**WORK INSTRUCTIONS:**
Look through the records below for the line with "for centre in" and the line with "msp.add_circle(centre, 0.95, dxfattribs=at)", then return those lines and all lines between, exactly.

---------- RECORDS FOR THIS TASK ----------

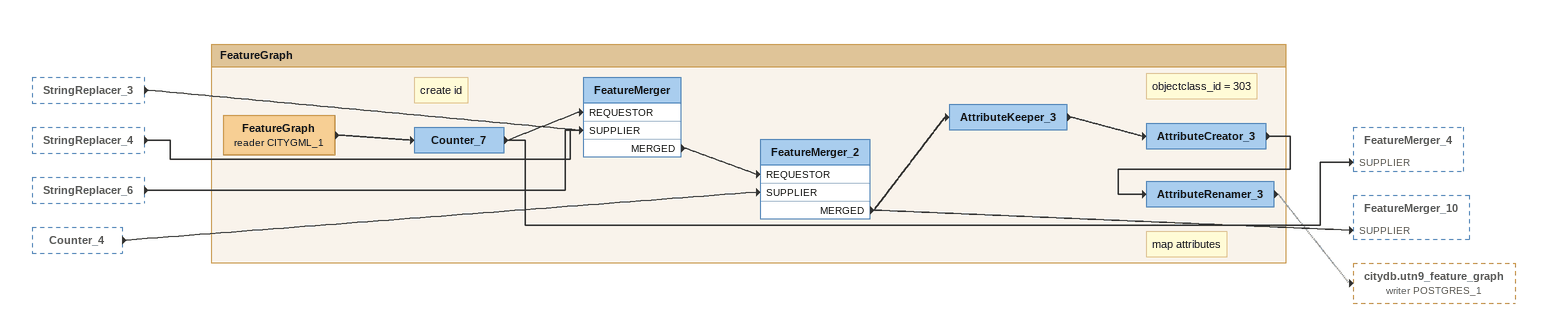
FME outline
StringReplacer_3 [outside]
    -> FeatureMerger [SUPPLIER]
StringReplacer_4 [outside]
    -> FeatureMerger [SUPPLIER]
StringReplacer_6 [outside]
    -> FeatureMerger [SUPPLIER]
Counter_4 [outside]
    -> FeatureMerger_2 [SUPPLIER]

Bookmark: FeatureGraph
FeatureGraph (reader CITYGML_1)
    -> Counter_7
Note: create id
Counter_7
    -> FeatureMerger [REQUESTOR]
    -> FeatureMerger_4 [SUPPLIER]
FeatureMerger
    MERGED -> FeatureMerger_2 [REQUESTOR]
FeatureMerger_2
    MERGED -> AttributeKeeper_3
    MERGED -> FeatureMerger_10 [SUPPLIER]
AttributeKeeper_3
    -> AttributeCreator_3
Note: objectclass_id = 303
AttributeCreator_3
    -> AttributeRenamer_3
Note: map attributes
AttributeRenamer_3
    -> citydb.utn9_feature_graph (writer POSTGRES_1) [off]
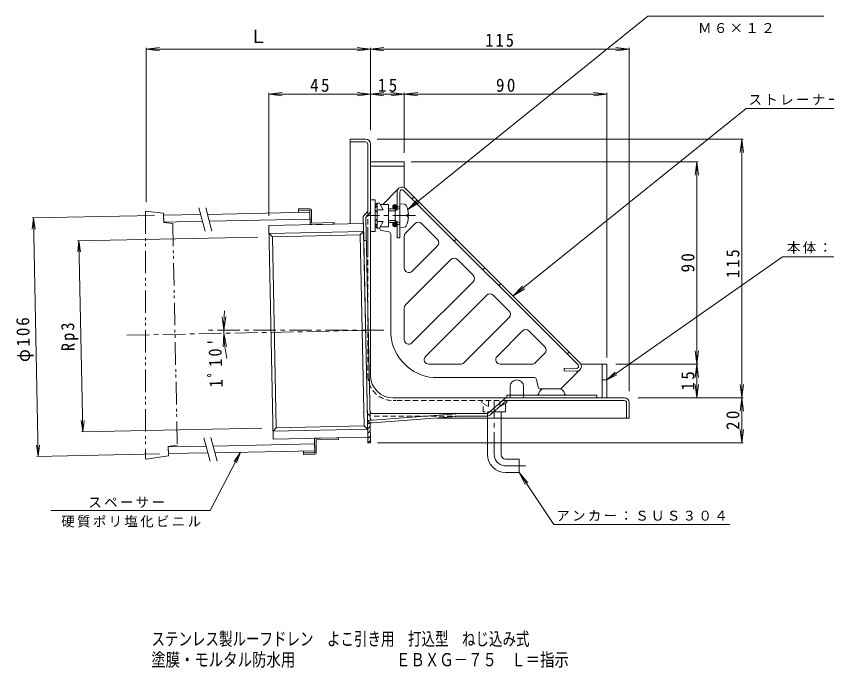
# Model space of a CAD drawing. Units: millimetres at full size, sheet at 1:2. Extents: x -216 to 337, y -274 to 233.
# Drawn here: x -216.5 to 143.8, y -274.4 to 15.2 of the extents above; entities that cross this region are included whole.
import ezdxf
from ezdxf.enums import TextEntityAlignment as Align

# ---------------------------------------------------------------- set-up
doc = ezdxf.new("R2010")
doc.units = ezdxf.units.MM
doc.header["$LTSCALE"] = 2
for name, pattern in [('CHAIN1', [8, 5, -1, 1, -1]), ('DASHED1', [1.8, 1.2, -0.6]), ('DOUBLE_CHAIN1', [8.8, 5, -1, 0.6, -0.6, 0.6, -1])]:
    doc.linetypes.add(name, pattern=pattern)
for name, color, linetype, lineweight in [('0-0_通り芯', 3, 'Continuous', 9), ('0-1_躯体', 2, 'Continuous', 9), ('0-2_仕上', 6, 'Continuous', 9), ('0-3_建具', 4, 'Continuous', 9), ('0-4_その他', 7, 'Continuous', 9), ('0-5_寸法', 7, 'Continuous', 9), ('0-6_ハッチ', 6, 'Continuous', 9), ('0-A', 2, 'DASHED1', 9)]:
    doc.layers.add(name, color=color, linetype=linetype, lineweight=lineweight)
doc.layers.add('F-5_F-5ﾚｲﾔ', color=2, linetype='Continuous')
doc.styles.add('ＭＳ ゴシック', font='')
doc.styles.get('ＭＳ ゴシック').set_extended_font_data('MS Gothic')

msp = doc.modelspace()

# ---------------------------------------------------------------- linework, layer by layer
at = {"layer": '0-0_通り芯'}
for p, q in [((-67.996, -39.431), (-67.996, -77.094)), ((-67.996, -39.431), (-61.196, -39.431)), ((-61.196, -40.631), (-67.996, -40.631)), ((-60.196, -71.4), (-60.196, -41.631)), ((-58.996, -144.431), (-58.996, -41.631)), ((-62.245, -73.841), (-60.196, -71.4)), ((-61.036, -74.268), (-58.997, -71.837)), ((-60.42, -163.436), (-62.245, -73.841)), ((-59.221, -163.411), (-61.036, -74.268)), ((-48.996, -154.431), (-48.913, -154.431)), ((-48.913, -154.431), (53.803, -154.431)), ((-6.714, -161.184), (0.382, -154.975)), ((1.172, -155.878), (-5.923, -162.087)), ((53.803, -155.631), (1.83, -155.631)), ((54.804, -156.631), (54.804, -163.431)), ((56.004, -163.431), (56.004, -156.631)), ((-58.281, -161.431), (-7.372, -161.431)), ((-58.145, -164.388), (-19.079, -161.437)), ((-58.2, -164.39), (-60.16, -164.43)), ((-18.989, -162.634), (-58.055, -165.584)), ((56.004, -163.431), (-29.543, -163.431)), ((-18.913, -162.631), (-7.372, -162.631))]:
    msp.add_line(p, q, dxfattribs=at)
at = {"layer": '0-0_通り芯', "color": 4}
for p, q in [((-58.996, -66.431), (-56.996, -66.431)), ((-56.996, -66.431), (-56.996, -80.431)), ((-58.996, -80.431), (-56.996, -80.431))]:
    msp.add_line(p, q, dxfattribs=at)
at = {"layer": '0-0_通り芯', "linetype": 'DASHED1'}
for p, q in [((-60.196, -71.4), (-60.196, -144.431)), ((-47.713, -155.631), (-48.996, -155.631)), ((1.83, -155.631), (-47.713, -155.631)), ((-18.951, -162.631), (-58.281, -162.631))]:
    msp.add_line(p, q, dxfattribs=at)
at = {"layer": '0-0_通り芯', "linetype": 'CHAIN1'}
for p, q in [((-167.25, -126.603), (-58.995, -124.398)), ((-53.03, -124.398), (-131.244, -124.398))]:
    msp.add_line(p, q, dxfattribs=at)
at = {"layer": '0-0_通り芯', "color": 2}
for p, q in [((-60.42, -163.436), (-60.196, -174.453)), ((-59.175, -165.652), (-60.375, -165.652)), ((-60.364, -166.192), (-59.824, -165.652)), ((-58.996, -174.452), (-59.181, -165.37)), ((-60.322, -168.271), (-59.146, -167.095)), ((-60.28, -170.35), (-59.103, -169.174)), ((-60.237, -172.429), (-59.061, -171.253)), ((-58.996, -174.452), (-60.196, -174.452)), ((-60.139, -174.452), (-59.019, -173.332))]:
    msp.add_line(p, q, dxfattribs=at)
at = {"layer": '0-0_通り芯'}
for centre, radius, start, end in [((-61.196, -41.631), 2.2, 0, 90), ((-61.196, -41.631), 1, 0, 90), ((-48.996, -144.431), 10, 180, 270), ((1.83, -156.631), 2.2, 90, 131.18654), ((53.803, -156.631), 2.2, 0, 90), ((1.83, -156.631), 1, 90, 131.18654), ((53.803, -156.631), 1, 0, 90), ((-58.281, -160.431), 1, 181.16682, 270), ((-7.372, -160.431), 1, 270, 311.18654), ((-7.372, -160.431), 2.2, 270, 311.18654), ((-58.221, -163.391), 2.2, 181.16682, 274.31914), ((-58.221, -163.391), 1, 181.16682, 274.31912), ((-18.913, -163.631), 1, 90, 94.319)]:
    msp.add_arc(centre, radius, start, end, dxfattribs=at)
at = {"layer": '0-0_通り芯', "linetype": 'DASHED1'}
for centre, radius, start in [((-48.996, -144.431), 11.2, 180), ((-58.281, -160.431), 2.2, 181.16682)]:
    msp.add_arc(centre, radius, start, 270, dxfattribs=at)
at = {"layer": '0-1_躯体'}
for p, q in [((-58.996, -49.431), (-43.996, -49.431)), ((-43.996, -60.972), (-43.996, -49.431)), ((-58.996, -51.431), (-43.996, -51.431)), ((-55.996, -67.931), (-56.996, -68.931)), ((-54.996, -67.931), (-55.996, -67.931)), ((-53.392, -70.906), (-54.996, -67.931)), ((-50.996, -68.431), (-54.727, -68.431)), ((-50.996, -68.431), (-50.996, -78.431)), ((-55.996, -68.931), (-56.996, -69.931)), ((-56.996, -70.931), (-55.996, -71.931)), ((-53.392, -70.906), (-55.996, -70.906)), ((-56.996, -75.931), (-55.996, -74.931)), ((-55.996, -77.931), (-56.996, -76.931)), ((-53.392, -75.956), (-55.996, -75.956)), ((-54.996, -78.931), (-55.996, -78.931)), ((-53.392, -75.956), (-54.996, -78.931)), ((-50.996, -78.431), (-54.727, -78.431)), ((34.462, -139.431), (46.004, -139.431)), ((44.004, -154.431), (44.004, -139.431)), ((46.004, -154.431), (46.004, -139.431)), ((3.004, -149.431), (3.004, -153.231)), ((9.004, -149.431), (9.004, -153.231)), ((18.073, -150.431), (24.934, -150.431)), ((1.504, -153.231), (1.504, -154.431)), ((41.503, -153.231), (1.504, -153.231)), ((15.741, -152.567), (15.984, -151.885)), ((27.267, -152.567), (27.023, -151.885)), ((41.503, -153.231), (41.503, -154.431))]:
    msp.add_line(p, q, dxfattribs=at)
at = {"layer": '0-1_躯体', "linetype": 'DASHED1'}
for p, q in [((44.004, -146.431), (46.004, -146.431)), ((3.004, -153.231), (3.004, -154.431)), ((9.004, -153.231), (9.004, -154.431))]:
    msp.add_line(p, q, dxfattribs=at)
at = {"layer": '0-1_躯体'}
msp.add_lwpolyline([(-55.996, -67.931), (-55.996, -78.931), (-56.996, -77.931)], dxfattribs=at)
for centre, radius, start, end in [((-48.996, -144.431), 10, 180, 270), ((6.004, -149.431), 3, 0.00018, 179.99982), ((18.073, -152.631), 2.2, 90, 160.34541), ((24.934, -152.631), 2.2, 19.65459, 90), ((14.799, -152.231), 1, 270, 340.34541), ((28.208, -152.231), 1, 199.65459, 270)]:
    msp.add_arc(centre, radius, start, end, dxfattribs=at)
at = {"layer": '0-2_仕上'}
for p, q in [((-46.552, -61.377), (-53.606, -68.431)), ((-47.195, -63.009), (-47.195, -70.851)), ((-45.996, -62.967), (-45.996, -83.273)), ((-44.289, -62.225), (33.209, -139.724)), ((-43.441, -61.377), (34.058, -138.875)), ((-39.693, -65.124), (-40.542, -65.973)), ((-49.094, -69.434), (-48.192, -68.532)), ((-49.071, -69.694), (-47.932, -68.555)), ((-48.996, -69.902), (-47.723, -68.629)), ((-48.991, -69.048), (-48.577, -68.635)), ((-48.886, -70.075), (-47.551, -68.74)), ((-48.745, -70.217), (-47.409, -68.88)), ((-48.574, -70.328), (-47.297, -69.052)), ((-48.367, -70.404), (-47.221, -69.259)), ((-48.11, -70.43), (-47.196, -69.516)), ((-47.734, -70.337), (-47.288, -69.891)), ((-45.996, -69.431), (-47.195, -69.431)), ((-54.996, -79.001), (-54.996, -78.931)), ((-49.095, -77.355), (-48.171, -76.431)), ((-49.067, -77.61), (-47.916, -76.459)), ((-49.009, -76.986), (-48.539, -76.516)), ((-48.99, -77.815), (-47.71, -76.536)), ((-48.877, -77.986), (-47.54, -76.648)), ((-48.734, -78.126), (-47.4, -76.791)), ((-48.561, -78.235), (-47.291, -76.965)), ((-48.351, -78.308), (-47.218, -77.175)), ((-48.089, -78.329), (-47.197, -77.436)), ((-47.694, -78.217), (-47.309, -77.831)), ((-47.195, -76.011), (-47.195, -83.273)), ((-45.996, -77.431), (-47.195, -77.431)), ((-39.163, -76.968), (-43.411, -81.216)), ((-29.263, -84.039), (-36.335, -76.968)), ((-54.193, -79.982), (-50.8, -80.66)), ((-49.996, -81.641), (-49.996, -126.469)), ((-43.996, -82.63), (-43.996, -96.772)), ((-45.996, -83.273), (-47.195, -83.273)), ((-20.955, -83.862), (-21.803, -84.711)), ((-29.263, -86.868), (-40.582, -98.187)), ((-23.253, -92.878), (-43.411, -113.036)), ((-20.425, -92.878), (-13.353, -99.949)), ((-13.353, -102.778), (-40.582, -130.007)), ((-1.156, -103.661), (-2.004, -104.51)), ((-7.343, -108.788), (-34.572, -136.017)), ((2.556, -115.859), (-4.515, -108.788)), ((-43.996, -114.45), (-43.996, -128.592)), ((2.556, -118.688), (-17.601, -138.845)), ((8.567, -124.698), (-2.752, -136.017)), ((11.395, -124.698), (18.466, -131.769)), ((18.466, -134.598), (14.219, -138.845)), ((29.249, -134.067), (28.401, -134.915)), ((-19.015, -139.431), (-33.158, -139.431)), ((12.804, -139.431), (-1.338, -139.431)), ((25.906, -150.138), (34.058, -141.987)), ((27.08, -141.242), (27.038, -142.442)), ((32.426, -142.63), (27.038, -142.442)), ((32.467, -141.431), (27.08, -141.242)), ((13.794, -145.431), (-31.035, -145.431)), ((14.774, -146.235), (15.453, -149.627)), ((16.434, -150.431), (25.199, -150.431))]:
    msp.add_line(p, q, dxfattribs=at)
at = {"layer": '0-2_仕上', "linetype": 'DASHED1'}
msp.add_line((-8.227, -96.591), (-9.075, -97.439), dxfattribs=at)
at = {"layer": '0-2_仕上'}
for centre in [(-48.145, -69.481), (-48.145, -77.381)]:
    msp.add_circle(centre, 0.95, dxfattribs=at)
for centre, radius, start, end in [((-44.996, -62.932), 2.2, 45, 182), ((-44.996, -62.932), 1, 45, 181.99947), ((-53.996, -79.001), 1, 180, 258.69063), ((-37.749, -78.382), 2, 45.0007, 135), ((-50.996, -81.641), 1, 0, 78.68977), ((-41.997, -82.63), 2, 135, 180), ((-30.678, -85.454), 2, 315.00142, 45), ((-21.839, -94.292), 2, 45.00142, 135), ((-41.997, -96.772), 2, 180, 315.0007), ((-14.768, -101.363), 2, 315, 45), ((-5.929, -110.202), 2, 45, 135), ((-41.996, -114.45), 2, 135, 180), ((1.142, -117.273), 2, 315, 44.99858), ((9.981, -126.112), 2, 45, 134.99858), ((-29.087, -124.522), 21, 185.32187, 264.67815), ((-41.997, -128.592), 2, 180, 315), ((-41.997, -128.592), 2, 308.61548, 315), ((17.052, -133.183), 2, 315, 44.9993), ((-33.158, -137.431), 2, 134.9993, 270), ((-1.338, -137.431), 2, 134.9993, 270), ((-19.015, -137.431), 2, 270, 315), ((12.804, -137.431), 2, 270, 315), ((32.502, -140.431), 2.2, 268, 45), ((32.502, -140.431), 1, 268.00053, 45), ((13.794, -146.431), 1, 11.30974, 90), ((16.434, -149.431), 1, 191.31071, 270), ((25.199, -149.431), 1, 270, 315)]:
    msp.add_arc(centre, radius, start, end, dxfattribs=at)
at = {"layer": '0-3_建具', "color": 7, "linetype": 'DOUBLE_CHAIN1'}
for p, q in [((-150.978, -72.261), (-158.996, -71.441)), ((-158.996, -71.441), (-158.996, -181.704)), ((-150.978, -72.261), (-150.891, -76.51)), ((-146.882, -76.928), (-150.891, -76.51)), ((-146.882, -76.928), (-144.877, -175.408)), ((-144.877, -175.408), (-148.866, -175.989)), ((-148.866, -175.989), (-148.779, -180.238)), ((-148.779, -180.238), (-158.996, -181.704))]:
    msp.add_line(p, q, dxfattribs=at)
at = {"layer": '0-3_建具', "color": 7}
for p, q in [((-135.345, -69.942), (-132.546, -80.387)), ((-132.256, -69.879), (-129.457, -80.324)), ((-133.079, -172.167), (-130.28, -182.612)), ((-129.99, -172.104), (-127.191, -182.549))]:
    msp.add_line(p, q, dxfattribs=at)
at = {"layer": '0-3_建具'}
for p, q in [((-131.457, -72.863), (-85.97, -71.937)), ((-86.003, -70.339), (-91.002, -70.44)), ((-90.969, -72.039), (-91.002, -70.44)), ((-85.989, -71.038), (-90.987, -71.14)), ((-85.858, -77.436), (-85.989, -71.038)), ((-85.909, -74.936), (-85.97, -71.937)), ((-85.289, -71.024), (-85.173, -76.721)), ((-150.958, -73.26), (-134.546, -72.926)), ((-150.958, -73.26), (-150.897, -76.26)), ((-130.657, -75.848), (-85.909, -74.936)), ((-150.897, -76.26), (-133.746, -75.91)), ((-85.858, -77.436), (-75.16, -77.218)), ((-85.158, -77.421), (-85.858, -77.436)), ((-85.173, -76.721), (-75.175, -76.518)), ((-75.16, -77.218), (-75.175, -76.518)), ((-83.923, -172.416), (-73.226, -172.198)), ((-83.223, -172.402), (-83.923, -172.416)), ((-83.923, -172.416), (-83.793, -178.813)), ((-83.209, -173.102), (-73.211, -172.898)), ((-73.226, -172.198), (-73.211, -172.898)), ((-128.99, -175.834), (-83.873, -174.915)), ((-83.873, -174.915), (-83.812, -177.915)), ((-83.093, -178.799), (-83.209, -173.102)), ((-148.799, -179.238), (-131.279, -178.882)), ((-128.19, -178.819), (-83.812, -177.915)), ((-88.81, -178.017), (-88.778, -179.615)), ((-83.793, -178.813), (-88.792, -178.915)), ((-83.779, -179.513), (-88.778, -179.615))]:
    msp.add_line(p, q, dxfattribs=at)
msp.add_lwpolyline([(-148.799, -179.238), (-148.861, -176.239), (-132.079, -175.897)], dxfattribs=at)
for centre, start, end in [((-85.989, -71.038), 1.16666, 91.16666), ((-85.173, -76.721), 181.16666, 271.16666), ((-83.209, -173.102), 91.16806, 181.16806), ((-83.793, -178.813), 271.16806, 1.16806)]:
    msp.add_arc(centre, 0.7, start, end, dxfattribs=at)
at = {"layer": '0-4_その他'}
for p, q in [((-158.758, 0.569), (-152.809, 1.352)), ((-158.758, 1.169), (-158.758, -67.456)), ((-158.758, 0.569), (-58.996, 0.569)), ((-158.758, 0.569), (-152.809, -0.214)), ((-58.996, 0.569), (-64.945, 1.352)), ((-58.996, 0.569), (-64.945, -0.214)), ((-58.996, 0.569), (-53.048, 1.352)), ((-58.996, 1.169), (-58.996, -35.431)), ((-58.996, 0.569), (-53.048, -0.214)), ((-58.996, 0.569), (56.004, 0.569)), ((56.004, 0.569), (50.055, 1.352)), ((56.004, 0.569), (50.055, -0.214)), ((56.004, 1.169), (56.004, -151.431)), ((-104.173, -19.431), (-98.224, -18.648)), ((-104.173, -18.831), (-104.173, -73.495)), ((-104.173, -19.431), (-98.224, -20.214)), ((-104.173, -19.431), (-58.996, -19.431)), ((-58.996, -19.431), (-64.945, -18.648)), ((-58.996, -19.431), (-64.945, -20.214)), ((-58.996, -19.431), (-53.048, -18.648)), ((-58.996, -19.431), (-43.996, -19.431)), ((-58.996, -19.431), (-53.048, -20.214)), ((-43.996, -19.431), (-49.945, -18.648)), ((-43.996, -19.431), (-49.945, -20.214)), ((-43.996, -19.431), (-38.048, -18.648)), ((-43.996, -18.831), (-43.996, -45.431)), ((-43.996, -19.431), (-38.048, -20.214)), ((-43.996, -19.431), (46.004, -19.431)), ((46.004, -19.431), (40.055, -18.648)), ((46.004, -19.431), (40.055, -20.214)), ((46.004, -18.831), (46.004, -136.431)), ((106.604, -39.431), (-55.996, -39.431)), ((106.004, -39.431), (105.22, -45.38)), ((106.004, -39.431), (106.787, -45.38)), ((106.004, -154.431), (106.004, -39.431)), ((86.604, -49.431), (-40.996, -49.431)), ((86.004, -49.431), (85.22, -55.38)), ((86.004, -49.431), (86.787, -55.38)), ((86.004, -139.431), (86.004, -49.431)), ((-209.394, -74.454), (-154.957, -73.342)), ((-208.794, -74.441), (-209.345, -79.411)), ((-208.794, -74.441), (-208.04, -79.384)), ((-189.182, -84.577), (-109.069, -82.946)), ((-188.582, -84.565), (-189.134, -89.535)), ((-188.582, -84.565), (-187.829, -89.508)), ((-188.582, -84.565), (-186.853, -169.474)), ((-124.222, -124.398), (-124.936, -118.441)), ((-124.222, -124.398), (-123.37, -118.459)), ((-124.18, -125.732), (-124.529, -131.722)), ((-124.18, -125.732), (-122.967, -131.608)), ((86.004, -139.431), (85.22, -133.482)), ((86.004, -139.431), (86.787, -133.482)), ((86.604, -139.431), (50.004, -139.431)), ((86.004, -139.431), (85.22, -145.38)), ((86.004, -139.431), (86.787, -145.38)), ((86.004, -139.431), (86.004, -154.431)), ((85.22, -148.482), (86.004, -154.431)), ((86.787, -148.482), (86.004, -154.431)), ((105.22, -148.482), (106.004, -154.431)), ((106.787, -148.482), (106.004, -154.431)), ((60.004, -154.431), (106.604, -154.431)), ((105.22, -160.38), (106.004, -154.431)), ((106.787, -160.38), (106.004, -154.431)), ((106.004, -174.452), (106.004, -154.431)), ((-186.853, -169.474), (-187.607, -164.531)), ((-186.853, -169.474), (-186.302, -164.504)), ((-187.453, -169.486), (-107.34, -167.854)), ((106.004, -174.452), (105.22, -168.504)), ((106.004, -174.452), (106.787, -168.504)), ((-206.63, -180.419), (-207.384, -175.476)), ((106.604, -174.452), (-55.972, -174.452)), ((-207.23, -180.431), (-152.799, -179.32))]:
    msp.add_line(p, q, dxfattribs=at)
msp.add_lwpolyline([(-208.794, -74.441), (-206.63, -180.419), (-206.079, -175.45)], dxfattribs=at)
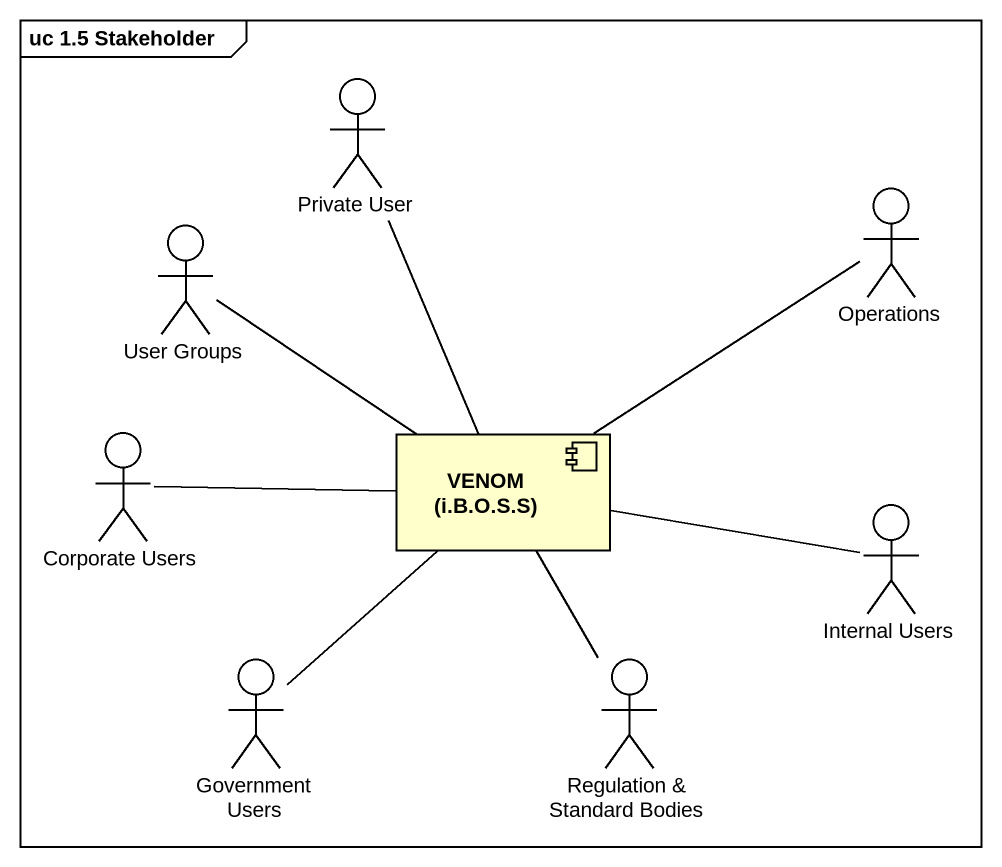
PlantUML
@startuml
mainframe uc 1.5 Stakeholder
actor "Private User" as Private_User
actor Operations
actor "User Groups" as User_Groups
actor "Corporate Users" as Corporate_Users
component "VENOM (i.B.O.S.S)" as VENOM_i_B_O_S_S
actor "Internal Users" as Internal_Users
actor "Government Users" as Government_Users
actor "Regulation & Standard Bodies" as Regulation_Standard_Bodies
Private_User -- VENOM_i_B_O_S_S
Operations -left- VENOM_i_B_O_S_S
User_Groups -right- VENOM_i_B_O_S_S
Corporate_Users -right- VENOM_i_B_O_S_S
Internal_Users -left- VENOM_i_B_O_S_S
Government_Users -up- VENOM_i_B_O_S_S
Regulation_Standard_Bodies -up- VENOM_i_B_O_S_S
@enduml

----------

**RESULT:**
for centre in [(-48.145, -69.481), (-48.145, -77.381)]:
    msp.add_circle(centre, 0.95, dxfattribs=at)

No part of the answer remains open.